In four months, the number of cab companies has doubled, fares have dropped 7% and cab drivers have even started wearing ties. Further, there has not been a single taxi-related complaint. Says mayoral special assistant Tom Rose, who spearheaded the plan, it's been a "really dramatic, dramatic improvement."
Rose said that switching to a zone system was not considered, because the changes being proposed already seemed to be as radical as local politics would allow. Certainly reviving jitney service -- lobbied out of existence across America early this century by the bus companies -- marks a radical change. A jitney is a cross between a taxi and a bus -- basically an oversized taxi running along a set route. In Indianapolis, the owners rather than the city sets the routes although Rose says the government is talking to some of the companies about providing service to help inner city resident get to jobs in outlying areas.
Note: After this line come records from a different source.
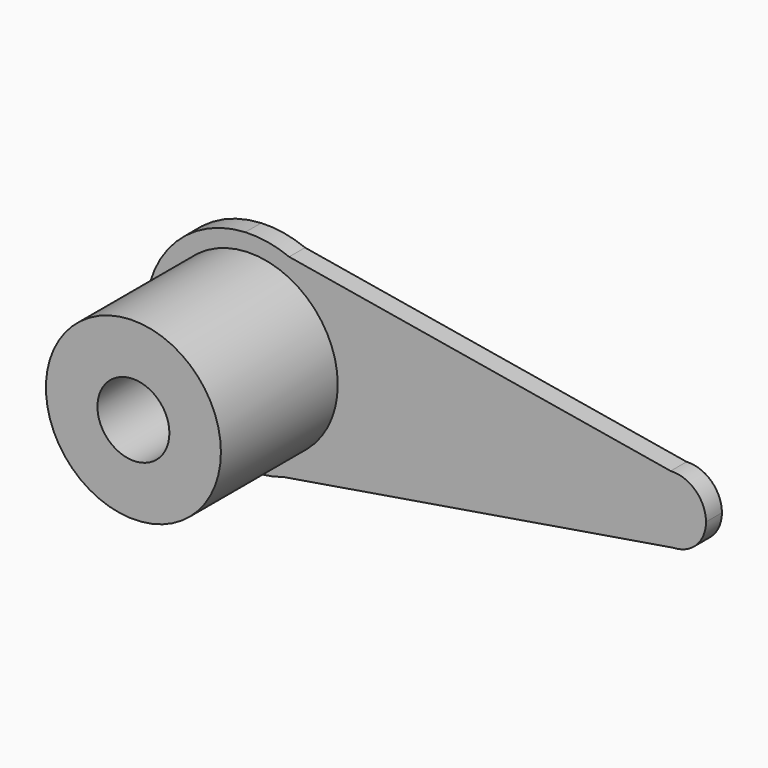
from build123d import *

# Parameters (mm, degrees)
F0_R     = 13.1802136703
F0_R_2   = 5.4198051915
F1_DEPTH = 25
F2_DEPTH = 3


# Not quite as in the source:
# - the program builds the solid bodies; features that only make, move or delete a surface that nothing else refers to are left out


with BuildPart() as f1:
    # F0 (on Front) → F1 (new body)
    with BuildSketch(Plane.XZ):
        with Locations((-42.5139516592, 0)):
            Circle(F0_R)
        with Locations((-42.5139516592, 0)):
            Circle(F0_R_2, mode=Mode.SUBTRACT)
    extrude(amount=F1_DEPTH)


with BuildPart() as f2:
    # F0 (on Front) → F2 (new body)
    with BuildSketch(Plane.XZ):
        with BuildLine():
            Line((20.8140872557, 4.8713734487), (-36.6541866123, 14.585258601))
            ThreePointArc((-36.6541866123, 14.585258601), (-29.4914236938, 8.8022940336), (-26.7955988555, 0))
            ThreePointArc((-26.7955988555, 0), (-29.7352710301, -9.1527010353), (-37.454722911, -14.8818956903))
            Line((-37.454722911, -14.8818956903), (21.2636660443, -5.1729371042))
            ThreePointArc((21.2636660443, -5.1729371042), (16.0867370449, -0.3724373523), (20.8140872557, 4.8713734487))
        make_face()
        with BuildLine():
            Line((-37.454722911, -14.8818956903), (-42.5134955187, -15.7183527971))
            ThreePointArc((-42.5134955187, -15.7183527971), (-39.9497718846, -15.5077914916), (-37.454722911, -14.8818956903))
        make_face()
        with BuildLine():
            ThreePointArc((26.1370662263, -0.1476258039), (24.5585090431, 3.5103947885), (20.8140872557, 4.8713734487))
            ThreePointArc((20.8140872557, 4.8713734487), (16.0867370449, -0.3724373523), (21.2636660443, -5.1729371042))
            ThreePointArc((21.2636660443, -5.1729371042), (24.7186267901, -3.6477609084), (26.1370662263, -0.1476258039))
        make_face()
        with BuildLine():
            ThreePointArc((-36.6541866123, 14.585258601), (-39.8942330305, 15.4985060302), (-43.2544350848, 15.7009012212))
            Line((-43.2544350848, 15.7009012212), (-36.6541866123, 14.585258601))
        make_face()
        with BuildLine():
            Line((-36.6541866123, 14.585258601), (-43.2544350848, 15.7009012212))
            ThreePointArc((-43.2544350848, 15.7009012212), (-58.2279355864, -0.3705725294), (-42.5134955187, -15.7183527971))
            Line((-42.5134955187, -15.7183527971), (-37.454722911, -14.8818956903))
            ThreePointArc((-37.454722911, -14.8818956903), (-29.7352710301, -9.1527010353), (-26.7955988555, 0))
            ThreePointArc((-26.7955988555, 0), (-29.4914236938, 8.8022940336), (-36.6541866123, 14.585258601))
        make_face()
        with Locations((-42.5139516592, 0)):
            Circle(F0_R, mode=Mode.SUBTRACT)
    extrude(amount=F2_DEPTH)


solid = Compound([f1.part, f2.part])

In DC, jitney service could quickly compensate for Metro cutbacks or provide improved service, say, from east of the Anacostia to other parts of the city.
There are improvements that could be made easily to the DC taxi system to improve the lot of both the driver and the rider. For the former, splitting Zone 1 into two would mean an immediate leap in income for cabbies, much of it from government workers, journalists and tourists. For the latter, a flat airport-to-downtown fare (used in a number of cities) would eliminate many of the cheating complaints.
But in the politics of DC, such common sense solutions carry little weight. Like a kid with a watch, the temptation for our leaders is just too great. Even if it works, you got to take it apart.